Exercise goal |
Go to the line containing "#215=CARTESIAN_POINT('',(0.,3.0625,-37.5));" in the records below and print it and every following line exactly, on through the line containing "#224=CARTESIAN_POINT('',(0.,0.21875,-37.5));", then stop.

Items listed in a dataset |
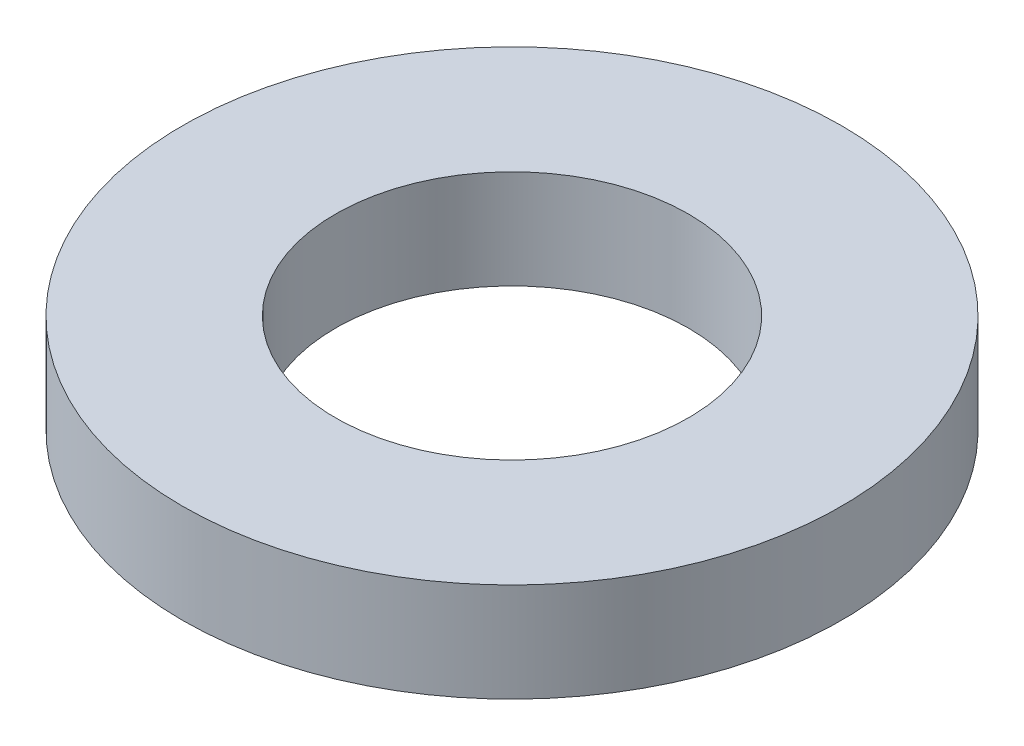
ISO-10303-21;
HEADER;
FILE_DESCRIPTION(('STEP AP214'),'2;1');
FILE_NAME('part.step','',(''),(''),'','','');
FILE_SCHEMA(('AUTOMOTIVE_DESIGN { 1 0 10303 214 1 1 1 1 }'));
ENDSEC;
DATA;
#1=APPLICATION_CONTEXT('core data for automotive mechanical design processes');
#2=APPLICATION_PROTOCOL_DEFINITION('international standard','automotive_design',2000,#1);
#3=PRODUCT_CONTEXT('',#1,'mechanical');
#4=PRODUCT('Part','Part','',(#3));
#5=PRODUCT_RELATED_PRODUCT_CATEGORY('part','',(#4));
#6=PRODUCT_DEFINITION_FORMATION('','',#4);
#7=PRODUCT_DEFINITION_CONTEXT('part definition',#1,'design');
#8=PRODUCT_DEFINITION('design','',#6,#7);
#9=PRODUCT_DEFINITION_SHAPE('','',#8);
#10=(LENGTH_UNIT() NAMED_UNIT(*) SI_UNIT(.MILLI.,.METRE.));
#11=(NAMED_UNIT(*) PLANE_ANGLE_UNIT() SI_UNIT($,.RADIAN.));
#12=(NAMED_UNIT(*) SI_UNIT($,.STERADIAN.) SOLID_ANGLE_UNIT());
#13=UNCERTAINTY_MEASURE_WITH_UNIT(LENGTH_MEASURE(1.E-05),#10,'distance_accuracy_value','');
#14=(GEOMETRIC_REPRESENTATION_CONTEXT(3) GLOBAL_UNCERTAINTY_ASSIGNED_CONTEXT((#13)) GLOBAL_UNIT_ASSIGNED_CONTEXT((#10,
#11,#12)) REPRESENTATION_CONTEXT('',''));
#15=CARTESIAN_POINT('',(0.,0.,0.));
#16=DIRECTION('',(0.,0.,1.));
#17=DIRECTION('',(1.,0.,0.));
#18=AXIS2_PLACEMENT_3D('',#15,#16,#17);
#19=CARTESIAN_POINT('',(0.,21.,0.));
#20=DIRECTION('',(0.,-1.,0.));
#21=DIRECTION('',(0.,0.,-1.));
#22=AXIS2_PLACEMENT_3D('',#19,#20,#21);
#23=CYLINDRICAL_SURFACE('',#22,70.);
#24=CARTESIAN_POINT('',(0.,21.,0.));
#25=DIRECTION('',(0.,1.,0.));
#26=DIRECTION('',(0.,0.,1.));
#27=AXIS2_PLACEMENT_3D('',#24,#25,#26);
#28=CIRCLE('',#27,70.);
#29=CARTESIAN_POINT('',(0.,21.,-70.));
#30=VERTEX_POINT('',#29);
#31=EDGE_CURVE('E10',#30,#30,#28,.T.);
#32=CARTESIAN_POINT('',(0.,0.,0.));
#33=DIRECTION('',(0.,1.,0.));
#34=DIRECTION('',(0.,0.,1.));
#35=AXIS2_PLACEMENT_3D('',#32,#33,#34);
#36=CIRCLE('',#35,70.);
#37=CARTESIAN_POINT('',(0.,0.,-70.));
#38=VERTEX_POINT('',#37);
#39=EDGE_CURVE('E37',#38,#38,#36,.T.);
#40=CARTESIAN_POINT('',(0.,21.,-70.));
#41=CARTESIAN_POINT('',(0.,20.78125,-70.));
#42=CARTESIAN_POINT('',(0.,20.5625,-70.));
#43=CARTESIAN_POINT('',(0.,20.125,-70.));
#44=CARTESIAN_POINT('',(0.,19.90625,-70.));
#45=CARTESIAN_POINT('',(0.,19.46875,-70.));
#46=CARTESIAN_POINT('',(0.,19.25,-70.));
#47=CARTESIAN_POINT('',(0.,18.8125,-70.));
#48=CARTESIAN_POINT('',(0.,18.59375,-70.));
#49=CARTESIAN_POINT('',(0.,18.15625,-70.));
#50=CARTESIAN_POINT('',(0.,17.9375,-70.));
#51=CARTESIAN_POINT('',(0.,17.5,-70.));
#52=CARTESIAN_POINT('',(0.,17.28125,-70.));
#53=CARTESIAN_POINT('',(0.,16.84375,-70.));
#54=CARTESIAN_POINT('',(0.,16.625,-70.));
#55=CARTESIAN_POINT('',(0.,16.1875,-70.));
#56=CARTESIAN_POINT('',(0.,15.96875,-70.));
#57=CARTESIAN_POINT('',(0.,15.53125,-70.));
#58=CARTESIAN_POINT('',(0.,15.3125,-70.));
#59=CARTESIAN_POINT('',(0.,14.875,-70.));
#60=CARTESIAN_POINT('',(0.,14.65625,-70.));
#61=CARTESIAN_POINT('',(0.,14.21875,-70.));
#62=CARTESIAN_POINT('',(0.,14.,-70.));
#63=CARTESIAN_POINT('',(0.,13.5625,-70.));
#64=CARTESIAN_POINT('',(0.,13.34375,-70.));
#65=CARTESIAN_POINT('',(0.,12.90625,-70.));
#66=CARTESIAN_POINT('',(0.,12.6875,-70.));
#67=CARTESIAN_POINT('',(0.,12.25,-70.));
#68=CARTESIAN_POINT('',(0.,12.03125,-70.));
#69=CARTESIAN_POINT('',(0.,11.59375,-70.));
#70=CARTESIAN_POINT('',(0.,11.375,-70.));
#71=CARTESIAN_POINT('',(0.,10.9375,-70.));
#72=CARTESIAN_POINT('',(0.,10.71875,-70.));
#73=CARTESIAN_POINT('',(0.,10.28125,-70.));
#74=CARTESIAN_POINT('',(0.,10.0625,-70.));
#75=CARTESIAN_POINT('',(0.,9.625,-70.));
#76=CARTESIAN_POINT('',(0.,9.40625,-70.));
#77=CARTESIAN_POINT('',(0.,8.96875,-70.));
#78=CARTESIAN_POINT('',(0.,8.75,-70.));
#79=CARTESIAN_POINT('',(0.,8.3125,-70.));
#80=CARTESIAN_POINT('',(0.,8.09375,-70.));
#81=CARTESIAN_POINT('',(0.,7.65625,-70.));
#82=CARTESIAN_POINT('',(0.,7.4375,-70.));
#83=CARTESIAN_POINT('',(0.,7.,-70.));
#84=CARTESIAN_POINT('',(0.,6.78125,-70.));
#85=CARTESIAN_POINT('',(0.,6.34375,-70.));
#86=CARTESIAN_POINT('',(0.,6.125,-70.));
#87=CARTESIAN_POINT('',(0.,5.6875,-70.));
#88=CARTESIAN_POINT('',(0.,5.46875,-70.));
#89=CARTESIAN_POINT('',(0.,5.03125,-70.));
#90=CARTESIAN_POINT('',(0.,4.8125,-70.));
#91=CARTESIAN_POINT('',(0.,4.375,-70.));
#92=CARTESIAN_POINT('',(0.,4.15625,-70.));
#93=CARTESIAN_POINT('',(0.,3.71875,-70.));
#94=CARTESIAN_POINT('',(0.,3.5,-70.));
#95=CARTESIAN_POINT('',(0.,3.0625,-70.));
#96=CARTESIAN_POINT('',(0.,2.84375,-70.));
#97=CARTESIAN_POINT('',(0.,2.40625,-70.));
#98=CARTESIAN_POINT('',(0.,2.1875,-70.));
#99=CARTESIAN_POINT('',(0.,1.75,-70.));
#100=CARTESIAN_POINT('',(0.,1.53125,-70.));
#101=CARTESIAN_POINT('',(0.,1.09375,-70.));
#102=CARTESIAN_POINT('',(0.,0.875000000000001,-70.));
#103=CARTESIAN_POINT('',(0.,0.4375,-70.));
#104=CARTESIAN_POINT('',(0.,0.21875,-70.));
#105=CARTESIAN_POINT('',(0.,0.,-70.));
#106=B_SPLINE_CURVE_WITH_KNOTS('',3,(#40,#41,#42,#43,#44,#45,#46,#47,#48,#49,#50,#51,#52,#53,
#54,#55,#56,#57,#58,#59,#60,#61,#62,#63,#64,#65,#66,#67,#68,#69,#70,#71,#72,#73,#74,#75,#76,#77,
#78,#79,#80,#81,#82,#83,#84,#85,#86,#87,#88,#89,#90,#91,#92,#93,#94,#95,#96,#97,#98,#99,#100,
#101,#102,#103,#104,#105),.UNSPECIFIED.,.F.,.F.,(4,2,2,2,2,2,2,2,2,2,2,2,2,2,2,2,2,2,2,2,2,2,2,
2,2,2,2,2,2,2,2,2,4),(0.,0.656249999999997,1.3125,1.96875,2.625,3.28125,3.9375,4.59375,5.25,
5.90625,6.5625,7.21875,7.875,8.53125,9.1875,9.84375,10.5,11.15625,11.8125,12.46875,13.125,
13.78125,14.4375,15.09375,15.75,16.40625,17.0625,17.71875,18.375,19.03125,19.6875,20.34375,21.),.UNSPECIFIED.);
#107=EDGE_CURVE('BSEAM40',#30,#38,#106,.T.);
#108=ORIENTED_EDGE('',*,*,#31,.F.);
#109=ORIENTED_EDGE('',*,*,#39,.T.);
#110=ORIENTED_EDGE('',*,*,#107,.T.);
#111=ORIENTED_EDGE('',*,*,#107,.F.);
#112=EDGE_LOOP('',(#108,#110,#109,#111));
#113=FACE_BOUND('',#112,.T.);
#114=ADVANCED_FACE('F40',(#113),#23,.T.);
#115=CARTESIAN_POINT('',(0.,21.,0.));
#116=DIRECTION('',(0.,1.,0.));
#117=DIRECTION('',(0.,0.,1.));
#118=AXIS2_PLACEMENT_3D('',#115,#116,#117);
#119=PLANE('',#118);
#120=CARTESIAN_POINT('',(0.,21.,0.));
#121=DIRECTION('',(0.,1.,0.));
#122=DIRECTION('',(0.,0.,1.));
#123=AXIS2_PLACEMENT_3D('',#120,#121,#122);
#124=CIRCLE('',#123,37.5);
#125=CARTESIAN_POINT('',(0.,21.,-37.5));
#126=VERTEX_POINT('',#125);
#127=EDGE_CURVE('E50',#126,#126,#124,.T.);
#128=ORIENTED_EDGE('',*,*,#127,.F.);
#129=EDGE_LOOP('',(#128));
#130=FACE_BOUND('',#129,.T.);
#131=ORIENTED_EDGE('',*,*,#31,.T.);
#132=EDGE_LOOP('',(#131));
#133=FACE_BOUND('',#132,.T.);
#134=ADVANCED_FACE('F59',(#130,#133),#119,.T.);
#135=CARTESIAN_POINT('',(0.,0.,0.));
#136=DIRECTION('',(0.,1.,0.));
#137=DIRECTION('',(0.,0.,1.));
#138=AXIS2_PLACEMENT_3D('',#135,#136,#137);
#139=PLANE('',#138);
#140=CARTESIAN_POINT('',(0.,0.,0.));
#141=DIRECTION('',(0.,1.,0.));
#142=DIRECTION('',(0.,0.,1.));
#143=AXIS2_PLACEMENT_3D('',#140,#141,#142);
#144=CIRCLE('',#143,37.5);
#145=CARTESIAN_POINT('',(0.,0.,-37.5));
#146=VERTEX_POINT('',#145);
#147=EDGE_CURVE('E47',#146,#146,#144,.T.);
#148=ORIENTED_EDGE('',*,*,#147,.T.);
#149=EDGE_LOOP('',(#148));
#150=FACE_BOUND('',#149,.T.);
#151=ORIENTED_EDGE('',*,*,#39,.F.);
#152=EDGE_LOOP('',(#151));
#153=FACE_BOUND('',#152,.T.);
#154=ADVANCED_FACE('F58',(#150,#153),#139,.F.);
#155=CARTESIAN_POINT('',(0.,21.,0.));
#156=DIRECTION('',(0.,-1.,0.));
#157=DIRECTION('',(0.,0.,-1.));
#158=AXIS2_PLACEMENT_3D('',#155,#156,#157);
#159=CYLINDRICAL_SURFACE('',#158,37.5);
#160=CARTESIAN_POINT('',(0.,21.,-37.5));
#161=CARTESIAN_POINT('',(0.,20.78125,-37.5));
#162=CARTESIAN_POINT('',(0.,20.5625,-37.5));
#163=CARTESIAN_POINT('',(0.,20.125,-37.5));
#164=CARTESIAN_POINT('',(0.,19.90625,-37.5));
#165=CARTESIAN_POINT('',(0.,19.46875,-37.5));
#166=CARTESIAN_POINT('',(0.,19.25,-37.5));
#167=CARTESIAN_POINT('',(0.,18.8125,-37.5));
#168=CARTESIAN_POINT('',(0.,18.59375,-37.5));
#169=CARTESIAN_POINT('',(0.,18.15625,-37.5));
#170=CARTESIAN_POINT('',(0.,17.9375,-37.5));
#171=CARTESIAN_POINT('',(0.,17.5,-37.5));
#172=CARTESIAN_POINT('',(0.,17.28125,-37.5));
#173=CARTESIAN_POINT('',(0.,16.84375,-37.5));
#174=CARTESIAN_POINT('',(0.,16.625,-37.5));
#175=CARTESIAN_POINT('',(0.,16.1875,-37.5));
#176=CARTESIAN_POINT('',(0.,15.96875,-37.5));
#177=CARTESIAN_POINT('',(0.,15.53125,-37.5));
#178=CARTESIAN_POINT('',(0.,15.3125,-37.5));
#179=CARTESIAN_POINT('',(0.,14.875,-37.5));
#180=CARTESIAN_POINT('',(0.,14.65625,-37.5));
#181=CARTESIAN_POINT('',(0.,14.21875,-37.5));
#182=CARTESIAN_POINT('',(0.,14.,-37.5));
#183=CARTESIAN_POINT('',(0.,13.5625,-37.5));
#184=CARTESIAN_POINT('',(0.,13.34375,-37.5));
#185=CARTESIAN_POINT('',(0.,12.90625,-37.5));
#186=CARTESIAN_POINT('',(0.,12.6875,-37.5));
#187=CARTESIAN_POINT('',(0.,12.25,-37.5));
#188=CARTESIAN_POINT('',(0.,12.03125,-37.5));
#189=CARTESIAN_POINT('',(0.,11.59375,-37.5));
#190=CARTESIAN_POINT('',(0.,11.375,-37.5));
#191=CARTESIAN_POINT('',(0.,10.9375,-37.5));
#192=CARTESIAN_POINT('',(0.,10.71875,-37.5));
#193=CARTESIAN_POINT('',(0.,10.28125,-37.5));
#194=CARTESIAN_POINT('',(0.,10.0625,-37.5));
#195=CARTESIAN_POINT('',(0.,9.625,-37.5));
#196=CARTESIAN_POINT('',(0.,9.40625,-37.5));
#197=CARTESIAN_POINT('',(0.,8.96875,-37.5));
#198=CARTESIAN_POINT('',(0.,8.75,-37.5));
#199=CARTESIAN_POINT('',(0.,8.3125,-37.5));
#200=CARTESIAN_POINT('',(0.,8.09375,-37.5));
#201=CARTESIAN_POINT('',(0.,7.65625,-37.5));
#202=CARTESIAN_POINT('',(0.,7.4375,-37.5));
#203=CARTESIAN_POINT('',(0.,7.,-37.5));
#204=CARTESIAN_POINT('',(0.,6.78125,-37.5));
#205=CARTESIAN_POINT('',(0.,6.34375,-37.5));
#206=CARTESIAN_POINT('',(0.,6.125,-37.5));
#207=CARTESIAN_POINT('',(0.,5.6875,-37.5));
#208=CARTESIAN_POINT('',(0.,5.46875,-37.5));
#209=CARTESIAN_POINT('',(0.,5.03125,-37.5));
#210=CARTESIAN_POINT('',(0.,4.8125,-37.5));
#211=CARTESIAN_POINT('',(0.,4.375,-37.5));
#212=CARTESIAN_POINT('',(0.,4.15625,-37.5));
#213=CARTESIAN_POINT('',(0.,3.71875,-37.5));
#214=CARTESIAN_POINT('',(0.,3.5,-37.5));
#215=CARTESIAN_POINT('',(0.,3.0625,-37.5));
#216=CARTESIAN_POINT('',(0.,2.84375,-37.5));
#217=CARTESIAN_POINT('',(0.,2.40625,-37.5));
#218=CARTESIAN_POINT('',(0.,2.1875,-37.5));
#219=CARTESIAN_POINT('',(0.,1.75,-37.5));
#220=CARTESIAN_POINT('',(0.,1.53125,-37.5));
#221=CARTESIAN_POINT('',(0.,1.09375,-37.5));
#222=CARTESIAN_POINT('',(0.,0.875000000000001,-37.5));
#223=CARTESIAN_POINT('',(0.,0.4375,-37.5));
#224=CARTESIAN_POINT('',(0.,0.21875,-37.5));
#225=CARTESIAN_POINT('',(0.,0.,-37.5));
#226=B_SPLINE_CURVE_WITH_KNOTS('',3,(#160,#161,#162,#163,#164,#165,#166,#167,#168,#169,#170,
#171,#172,#173,#174,#175,#176,#177,#178,#179,#180,#181,#182,#183,#184,#185,#186,#187,#188,#189,
#190,#191,#192,#193,#194,#195,#196,#197,#198,#199,#200,#201,#202,#203,#204,#205,#206,#207,#208,
#209,#210,#211,#212,#213,#214,#215,#216,#217,#218,#219,#220,#221,#222,#223,#224,#225),
.UNSPECIFIED.,.F.,.F.,(4,2,2,2,2,2,2,2,2,2,2,2,2,2,2,2,2,2,2,2,2,2,2,2,2,2,2,2,2,2,2,2,4),(0.,
0.656249999999997,1.3125,1.96875,2.625,3.28125,3.9375,4.59375,5.25,5.90625,6.5625,7.21875,7.875,
8.53125,9.1875,9.84375,10.5,11.15625,11.8125,12.46875,13.125,13.78125,14.4375,15.09375,15.75,
16.40625,17.0625,17.71875,18.375,19.03125,19.6875,20.34375,21.),.UNSPECIFIED.);
#227=EDGE_CURVE('BSEAM54',#126,#146,#226,.T.);
#228=ORIENTED_EDGE('',*,*,#127,.T.);
#229=ORIENTED_EDGE('',*,*,#147,.F.);
#230=ORIENTED_EDGE('',*,*,#227,.T.);
#231=ORIENTED_EDGE('',*,*,#227,.F.);
#232=EDGE_LOOP('',(#228,#230,#229,#231));
#233=FACE_BOUND('',#232,.T.);
#234=ADVANCED_FACE('F54',(#233),#159,.F.);
#235=CLOSED_SHELL('',(#114,#134,#154,#234));
#236=MANIFOLD_SOLID_BREP('B2',#235);
#237=ADVANCED_BREP_SHAPE_REPRESENTATION('',(#18,#236),#14);
#238=SHAPE_DEFINITION_REPRESENTATION(#9,#237);
ENDSEC;
END-ISO-10303-21;

Written solution |
#215=CARTESIAN_POINT('',(0.,3.0625,-37.5));
#216=CARTESIAN_POINT('',(0.,2.84375,-37.5));
#217=CARTESIAN_POINT('',(0.,2.40625,-37.5));
#218=CARTESIAN_POINT('',(0.,2.1875,-37.5));
#219=CARTESIAN_POINT('',(0.,1.75,-37.5));
#220=CARTESIAN_POINT('',(0.,1.53125,-37.5));
#221=CARTESIAN_POINT('',(0.,1.09375,-37.5));
#222=CARTESIAN_POINT('',(0.,0.875000000000001,-37.5));
#223=CARTESIAN_POINT('',(0.,0.4375,-37.5));
#224=CARTESIAN_POINT('',(0.,0.21875,-37.5));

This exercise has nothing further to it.